***** Source data

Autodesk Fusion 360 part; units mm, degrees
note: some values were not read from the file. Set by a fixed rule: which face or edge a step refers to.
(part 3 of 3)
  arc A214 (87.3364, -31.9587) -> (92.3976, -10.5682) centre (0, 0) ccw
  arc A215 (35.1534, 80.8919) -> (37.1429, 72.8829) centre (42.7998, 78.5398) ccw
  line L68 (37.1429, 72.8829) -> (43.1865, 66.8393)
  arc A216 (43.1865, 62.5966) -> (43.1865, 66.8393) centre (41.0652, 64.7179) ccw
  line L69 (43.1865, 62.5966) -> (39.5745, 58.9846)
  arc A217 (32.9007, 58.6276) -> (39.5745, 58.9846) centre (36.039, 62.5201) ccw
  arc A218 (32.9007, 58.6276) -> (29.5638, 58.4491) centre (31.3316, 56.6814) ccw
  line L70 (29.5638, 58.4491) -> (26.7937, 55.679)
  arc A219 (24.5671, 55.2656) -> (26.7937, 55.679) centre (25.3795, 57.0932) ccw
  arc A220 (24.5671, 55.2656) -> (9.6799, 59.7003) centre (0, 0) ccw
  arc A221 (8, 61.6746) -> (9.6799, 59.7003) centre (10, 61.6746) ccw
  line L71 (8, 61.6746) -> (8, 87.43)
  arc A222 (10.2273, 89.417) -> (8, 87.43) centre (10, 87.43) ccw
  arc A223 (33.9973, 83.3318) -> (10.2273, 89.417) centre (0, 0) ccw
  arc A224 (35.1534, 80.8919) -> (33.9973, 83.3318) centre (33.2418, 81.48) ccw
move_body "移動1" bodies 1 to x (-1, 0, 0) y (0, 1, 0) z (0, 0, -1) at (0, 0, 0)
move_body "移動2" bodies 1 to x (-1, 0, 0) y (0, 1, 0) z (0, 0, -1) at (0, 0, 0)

**********

_Instructions to follow_.
Return the data exactly, every line included.

_Result_.
Autodesk Fusion 360 part; units mm, degrees
note: some values were not read from the file. Set by a fixed rule: which face or edge a step refers to.
(part 3 of 3)
  arc A214 (87.3364, -31.9587) -> (92.3976, -10.5682) centre (0, 0) ccw
  arc A215 (35.1534, 80.8919) -> (37.1429, 72.8829) centre (42.7998, 78.5398) ccw
  line L68 (37.1429, 72.8829) -> (43.1865, 66.8393)
  arc A216 (43.1865, 62.5966) -> (43.1865, 66.8393) centre (41.0652, 64.7179) ccw
  line L69 (43.1865, 62.5966) -> (39.5745, 58.9846)
  arc A217 (32.9007, 58.6276) -> (39.5745, 58.9846) centre (36.039, 62.5201) ccw
  arc A218 (32.9007, 58.6276) -> (29.5638, 58.4491) centre (31.3316, 56.6814) ccw
  line L70 (29.5638, 58.4491) -> (26.7937, 55.679)
  arc A219 (24.5671, 55.2656) -> (26.7937, 55.679) centre (25.3795, 57.0932) ccw
  arc A220 (24.5671, 55.2656) -> (9.6799, 59.7003) centre (0, 0) ccw
  arc A221 (8, 61.6746) -> (9.6799, 59.7003) centre (10, 61.6746) ccw
  line L71 (8, 61.6746) -> (8, 87.43)
  arc A222 (10.2273, 89.417) -> (8, 87.43) centre (10, 87.43) ccw
  arc A223 (33.9973, 83.3318) -> (10.2273, 89.417) centre (0, 0) ccw
  arc A224 (35.1534, 80.8919) -> (33.9973, 83.3318) centre (33.2418, 81.48) ccw
move_body "移動1" bodies 1 to x (-1, 0, 0) y (0, 1, 0) z (0, 0, -1) at (0, 0, 0)
move_body "移動2" bodies 1 to x (-1, 0, 0) y (0, 1, 0) z (0, 0, -1) at (0, 0, 0)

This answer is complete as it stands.